# Problem seeing domain server in network



## netzorro (Jun 10, 2005)

Hi, I have a weird problem. I've just finished to create a new domain controler. 
Named gotsa.lan (intranet domain server only).
Everything works fine: I can join computers, and so. In My Network Places\Entire Network\Microsoft Windows Network I can see the domain "gotsa". But when I open it I only see user computers. I cannot see the server.
The server is not there. 
If I type \\gotsasrv I can see all the folders shared and so.
I can't even see the server from the server itself.
I can ping all computers and the communication is ok. 
It's just I can't see the server computer inside the domain icon in Network.

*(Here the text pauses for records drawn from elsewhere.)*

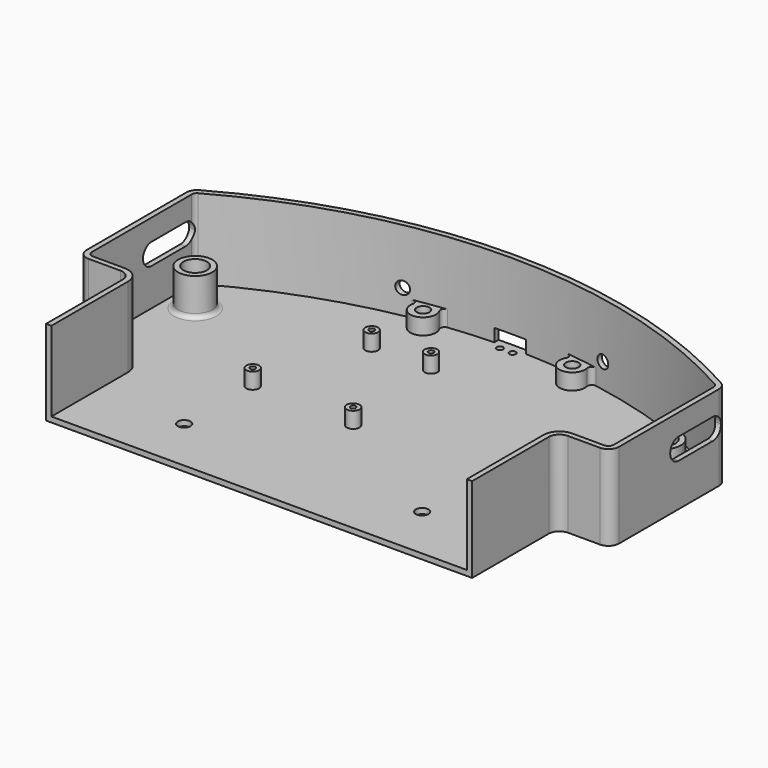
from build123d import *

# Parameters (mm, degrees)
F1_DEPTH       = 40
F2_W           = 100
F2_H           = 200
F3_DEPTH       = 100
F4_R           = 5
F5_T           = -2.5
F6_R           = 3
F7_DEPTH       = 25
F8_R           = 8
F9_DEPTH       = 25
F10_R          = 5.5
F11_DEPTH      = 25
F12_R          = 3
F12_R_2        = 1.25
F13_DEPTH      = 10
F14_R          = 3
F15_DEPTH      = 150
F17_START      = -41.94633
F16_W          = 15
F16_H          = 6
F17_DEPTH      = 208.05367
F18_R          = 1.5
F19_DEPTH      = 12.5
F20_R          = 6
F21_DEPTH      = 0.01
F21_DEPTH_BACK = 10
F22_R          = 3
F23_DEPTH      = 12.5
F24_R          = 2
F26_DEPTH      = 150


with BuildPart() as f1:
    # F0 (on Top) → F1 (new body)
    with BuildSketch(Plane.XY):
        with BuildLine():
            Line((-125, 66.5063509461), (-125, -50))
            Line((-125, -50), (125, -50))
            Line((125, -50), (125, 66.5063509461))
            ThreePointArc((125, 66.5063509461), (64.7047614336, 91.4814565299), (3.27e-07, 100))
            ThreePointArc((3.27e-07, 100), (-64.7047611177, 91.4814566146), (-125, 66.5063509461))
        make_face()
    extrude(amount=F1_DEPTH)

    # F2 (on Top) → F3 (cut)
    with BuildSketch(Plane.XY):
        with Locations((-150, -100)):
            Rectangle(F2_W, F2_H)
        with Locations((150, -100)):
            Rectangle(F2_W, F2_H)
    extrude(amount=F3_DEPTH, mode=Mode.SUBTRACT)

    # F4
    f4_edges = [f1.edges().sort_by_distance(p)[0] for p in [
        (-125, 66.506351, 20),
        (125, 66.506351, 20),
        (125, 0, 20),
        (100, 0, 20),
        (-125, 0, 20),
        (-100, 0, 20),
    ]]
    fillet(f4_edges, radius=F4_R)

    # F5
    f5_openings = [f1.faces().sort_by_distance(p)[0] for p in [
        (0, 23.401227, 40),
        (0, -50, 20),
    ]]
    offset(amount=F5_T, openings=f5_openings)

    # F6 (on Top) → F7 (cut)
    with BuildSketch(Plane.XY):
        with Locations((-55.8614357137, -24.1385642863)):
            Circle(F6_R)
        with Locations((55.8614357137, -24.1385642863)):
            Circle(F6_R)
    extrude(amount=F7_DEPTH, mode=Mode.SUBTRACT)

    # F8 (on Top) → F9 (join)
    with BuildSketch(Plane.XY):
        with Locations((-110, 50)):
            Circle(F8_R)
        with Locations((110, 50)):
            Circle(F8_R)
    extrude(amount=F9_DEPTH)

    # F10 (on Top) → F11 (cut)
    with BuildSketch(Plane.XY):
        with Locations((-110, 50)):
            Circle(F10_R)
        with Locations((110, 50)):
            Circle(F10_R)
    extrude(amount=F11_DEPTH, mode=Mode.SUBTRACT)

    # F12 (on Top) → F13 (join)
    with BuildSketch(Plane.XY):
        with Locations((-55, 15)):
            Circle(F12_R)
        with Locations((-55, 15)):
            Circle(F12_R_2, mode=Mode.SUBTRACT)
        with Locations((-39.8, 65.8)):
            Circle(F12_R)
        with Locations((-39.8, 65.8)):
            Circle(F12_R_2, mode=Mode.SUBTRACT)
        with Locations((-11.9, 65.8)):
            Circle(F12_R)
        with Locations((-11.9, 65.8)):
            Circle(F12_R_2, mode=Mode.SUBTRACT)
        with Locations((-6.8, 13.7)):
            Circle(F12_R)
        with Locations((-6.8, 13.7)):
            Circle(F12_R_2, mode=Mode.SUBTRACT)
    extrude(amount=F13_DEPTH)

    # F14 (on Front) → F15 (cut, symmetric)
    with BuildSketch(Plane.XZ):
        with Locations((47, 14)):
            Circle(F14_R)
        with Locations((-47, 14)):
            Circle(F14_R)
    extrude(amount=F15_DEPTH, both=True, mode=Mode.SUBTRACT)

    # F16 (on Front) → F17 (cut)
    with BuildSketch(Plane.XZ.offset(F17_START)):
        with Locations((0, 5.5)):
            Rectangle(F16_W, F16_H)
    extrude(amount=-F17_DEPTH, mode=Mode.SUBTRACT)

    # F18 (on Top) → F19 (cut, symmetric)
    with BuildSketch(Plane.XY):
        with Locations((-3, 95)):
            Circle(F18_R)
        with Locations((3, 95)):
            Circle(F18_R)
    extrude(amount=F19_DEPTH, both=True, mode=Mode.SUBTRACT)

    # F20 (on Top) → F21 (join, two sides)
    with BuildSketch(Plane.XY) as f21_sk:
        with Locations((-35, 90)):
            Circle(F20_R)
        with Locations((35, 90)):
            Circle(F20_R)
    extrude(amount=-F21_DEPTH)
    extrude(f21_sk.sketch, amount=F21_DEPTH_BACK)

    # F22 (on face) → F23 (cut, symmetric)
    with BuildSketch(Plane(origin=(0, 0, 0), x_dir=(1, 0, 0), z_dir=(0, 0, -1))):
        with Locations((-35, -90)):
            Circle(F22_R)
        with Locations((35, -90)):
            Circle(F22_R)
    extrude(amount=F23_DEPTH, both=True, mode=Mode.SUBTRACT)

    # F24
    f24_edges = [f1.edges().sort_by_distance(p)[0] for p in [
        (-32.339812, 95.378048, 6.25),
        (-39.085326, 94.394328, 6.25),
        (39.085326, 94.394328, 6.25),
        (32.339812, 95.378048, 6.25),
        (-118, 50, 2.5),
        (102, 50, 2.5),
    ]]
    fillet(f24_edges, radius=F24_R)

    # F25 (on Right) → F26 (cut, symmetric)
    with BuildSketch(Plane.YZ):
        with BuildLine():
            Line((40, 20), (40, 30))
            ThreePointArc((40, 30), (35, 25), (40, 20))
        make_face()
        with BuildLine():
            ThreePointArc((65, 25), (63.5355339059, 28.5355339059), (60, 30))
            Line((60, 30), (60, 20))
            ThreePointArc((60, 20), (63.5355339059, 21.4644660941), (65, 25))
        make_face()
        with BuildLine():
            Line((60, 30), (40, 30))
            ThreePointArc((40, 30), (43.5355339059, 28.5355339059), (45, 25))
            ThreePointArc((45, 25), (43.5355339059, 21.4644660941), (40, 20))
            Line((40, 20), (60, 20))
            ThreePointArc((60, 20), (55, 25), (60, 30))
        make_face()
        with BuildLine():
            ThreePointArc((45, 25), (43.5355339059, 28.5355339059), (40, 30))
            Line((40, 30), (40, 20))
            ThreePointArc((40, 20), (43.5355339059, 21.4644660941), (45, 25))
        make_face()
        with BuildLine():
            Line((60, 20), (60, 30))
            ThreePointArc((60, 30), (55, 25), (60, 20))
        make_face()
    extrude(amount=F26_DEPTH, both=True, mode=Mode.SUBTRACT)


solid = f1.part

It's a windows server 2003

Any ideas?
Thanks
netzorro


----------



## truebluexxx (Aug 6, 2007)

The problem is with NetBIOS service on ther server. 
From the server, can you see any computers in the domain ?
If not, then you need to start the NetBIOs service on the server, open your network adapter 'Properties' and check the box 'client for microsoft networks'

From the server, can you see any computers in the domain ?
If yes.... well let hope not.


----------



## netzorro (Jun 10, 2005)

Yes, yes, yes. That's it. Thanks. I had the NetBIOS over TCPIP option Disabled in the WINS tab in the Advanced TCPIP settings. Thanks a Lot.


----------